Here the unsafe scanf function is used, and the user input buffer is only 0xCh bytes long. Let's double-click v1 to enter the stack frame view:

Therefore, we can overflow the data to overwrite the return address, thereby redirecting execution to an arbitrary address.
I should also explain that the several decoy functions before scanf are simple equations that are actually unsolvable. The program obfuscates the real verification logic with junk code, preventing IDA from decompiling it properly. So our approach for this challenge is to use the overflow to jump to the actual verification code and continue execution.
During analysis, we can find the following data block not far from the code:

Since IDA failed to properly identify the data, we can move the cursor to the beginning of the data block and press the C key (code) to disassemble this data block into code:

It is worth noting that this code is located at address 0x00413131. 0x41 is the ASCII code for 'A', and 0x31 is the ASCII code for '1'. Due to the Kanxue competition restrictions, user input can only contain letters and digits, so we can indeed exploit the overflow vulnerability to execute this code.
Open with OllyDbg, then press Ctrl+G to navigate to 0x413131 and set a breakpoint. After running and entering 12345612345611A followed by Enter, the program successfully reaches 0x00413131. Then right-click Analysis -> Remove analysis from module to properly recognize the code.

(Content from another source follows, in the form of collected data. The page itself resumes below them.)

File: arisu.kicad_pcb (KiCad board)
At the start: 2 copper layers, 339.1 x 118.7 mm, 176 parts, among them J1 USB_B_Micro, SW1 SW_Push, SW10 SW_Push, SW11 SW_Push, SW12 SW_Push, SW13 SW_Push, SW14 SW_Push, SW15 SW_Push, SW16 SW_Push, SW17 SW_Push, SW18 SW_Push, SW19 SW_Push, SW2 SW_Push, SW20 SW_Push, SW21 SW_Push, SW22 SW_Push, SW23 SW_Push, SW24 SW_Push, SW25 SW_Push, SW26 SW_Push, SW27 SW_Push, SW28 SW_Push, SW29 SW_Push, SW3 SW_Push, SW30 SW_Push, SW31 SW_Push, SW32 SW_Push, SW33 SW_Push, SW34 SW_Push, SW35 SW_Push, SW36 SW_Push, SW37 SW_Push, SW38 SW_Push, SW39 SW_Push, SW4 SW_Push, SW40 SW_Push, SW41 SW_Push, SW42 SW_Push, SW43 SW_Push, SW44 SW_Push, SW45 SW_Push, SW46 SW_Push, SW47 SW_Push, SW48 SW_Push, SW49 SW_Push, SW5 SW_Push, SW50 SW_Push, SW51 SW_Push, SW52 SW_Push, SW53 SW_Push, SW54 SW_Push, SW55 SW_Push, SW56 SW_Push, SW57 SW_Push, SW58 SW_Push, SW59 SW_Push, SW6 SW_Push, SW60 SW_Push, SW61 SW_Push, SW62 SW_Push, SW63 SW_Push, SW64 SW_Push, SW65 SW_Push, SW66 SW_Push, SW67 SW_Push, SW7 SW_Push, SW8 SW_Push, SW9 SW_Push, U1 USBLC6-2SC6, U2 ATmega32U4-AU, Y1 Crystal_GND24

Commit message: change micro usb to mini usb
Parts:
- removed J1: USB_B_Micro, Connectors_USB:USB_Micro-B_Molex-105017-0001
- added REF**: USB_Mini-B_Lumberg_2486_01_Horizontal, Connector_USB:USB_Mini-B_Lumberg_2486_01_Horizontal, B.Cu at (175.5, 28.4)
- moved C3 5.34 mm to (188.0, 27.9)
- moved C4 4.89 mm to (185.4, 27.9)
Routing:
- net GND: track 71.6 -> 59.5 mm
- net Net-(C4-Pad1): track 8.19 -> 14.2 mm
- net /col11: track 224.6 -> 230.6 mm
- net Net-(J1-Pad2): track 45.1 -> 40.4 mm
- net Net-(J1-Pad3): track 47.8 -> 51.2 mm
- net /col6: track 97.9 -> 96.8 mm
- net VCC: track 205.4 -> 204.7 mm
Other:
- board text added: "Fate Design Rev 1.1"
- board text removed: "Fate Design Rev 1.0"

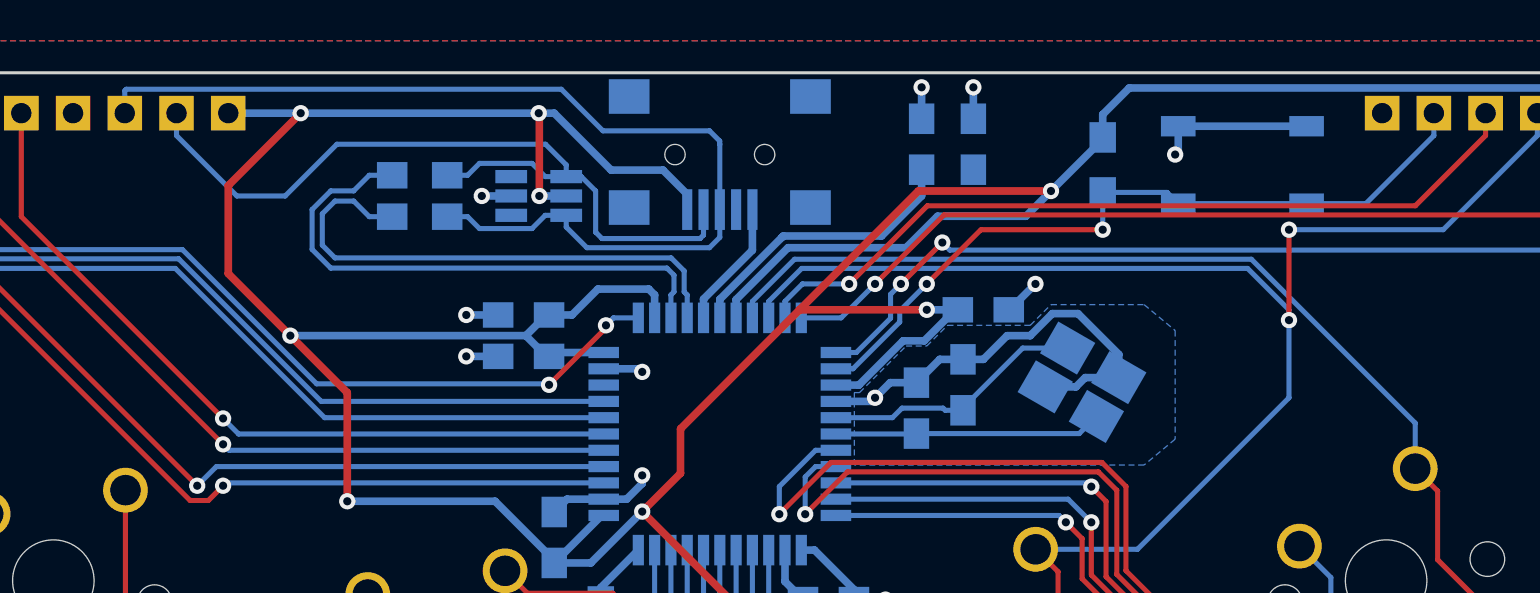
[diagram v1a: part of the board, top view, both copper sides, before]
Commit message: v2.0 with usb c
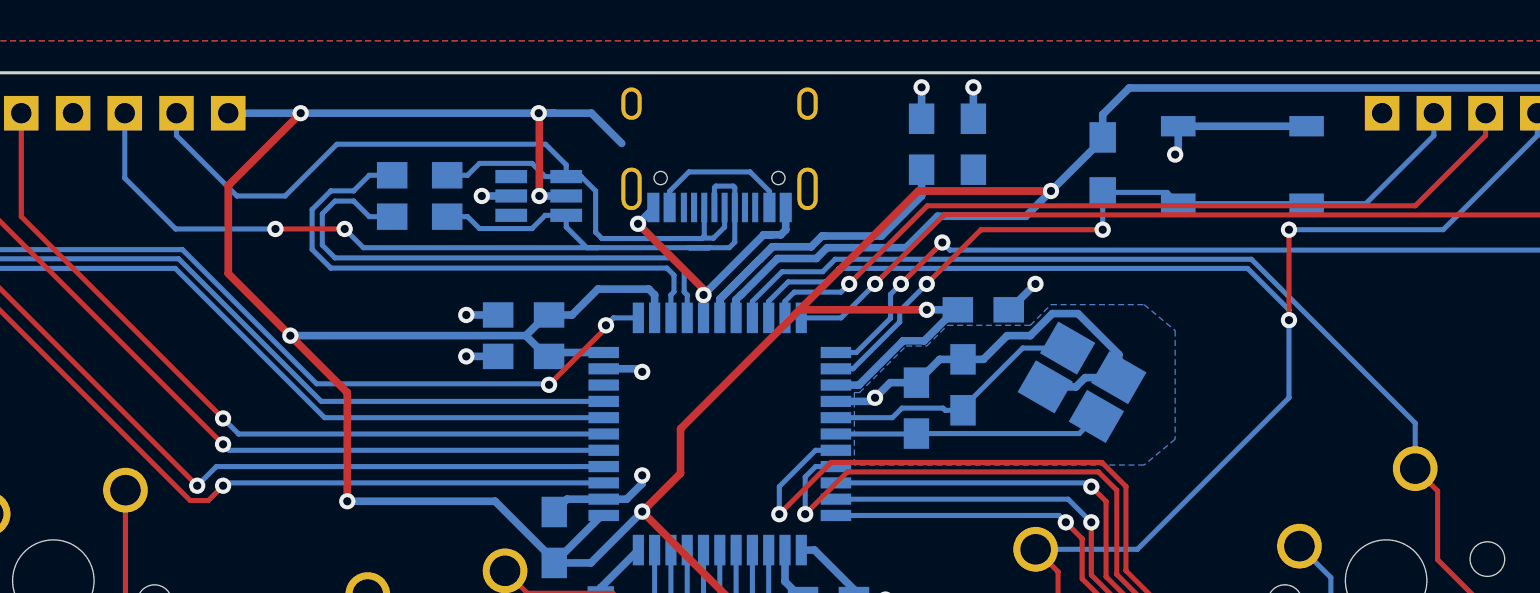
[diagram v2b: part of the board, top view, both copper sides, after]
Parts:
- removed the REF** at (175.5, 28.4)
- added REF**: USB_C_Receptacle_HRO_TYPE-C-31-M-12, Connector_USB:USB_C_Receptacle_HRO_TYPE-C-31-M-12, B.Cu at (175.5, 27.0)
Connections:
- D+ pad 1: Net-(J1-Pad3) -> D+
- D- pad 1: Net-(J1-Pad2) -> D-
- R1 pad 2: Net-(J1-Pad3) -> D+
- R2 pad 2: Net-(J1-Pad2) -> D-
- U1 pad 4: Net-(J1-Pad2) -> D-
- U1 pad 6: Net-(J1-Pad3) -> D+
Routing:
- net Net-(J1-Pad3): track 51.2 -> 0.00 mm
- net D+: track 26.2 -> 76.5 mm, vias 0 -> 2
- net D-: track 27.0 -> 69.9 mm
- net Net-(J1-Pad2): track 40.4 -> 0.00 mm
- net GND: track 59.5 -> 67.1 mm, vias 12 -> 14
- net (no net): track 0.00 -> 7.28 mm
- net Net-(C4-Pad1): track 14.2 -> 19.0 mm
- net VCC: track 204.7 -> 201.4 mm

After breaking at 0x413131, click the "View" menu, select "Run Trace", then click "Debug", select "Trace Into". The program will record the execution flow of the junk code, as shown below:

The junk code section is originally very long, but after using OllyDbg's trace feature, the execution flow of the junk code becomes very clear. A large number of jumps occur throughout the process — we only need to extract the effective instructions for analysis.
It should be noted that among the effective instructions, we still need to satisfy certain conditional jumps so that the program continues executing along the correct logic path.
For example, at 0x413420 there is jnz ctf2017_.00413B03. We need to start over and set a breakpoint at 0x413420.

Modify the flags register to satisfy the jump condition. Continue tracing into (there is also 0041362E jnz ctf2017_.00413B03 that needs to be satisfied). After ensuring the logic is correct, extract the effective instructions and continue the analysis.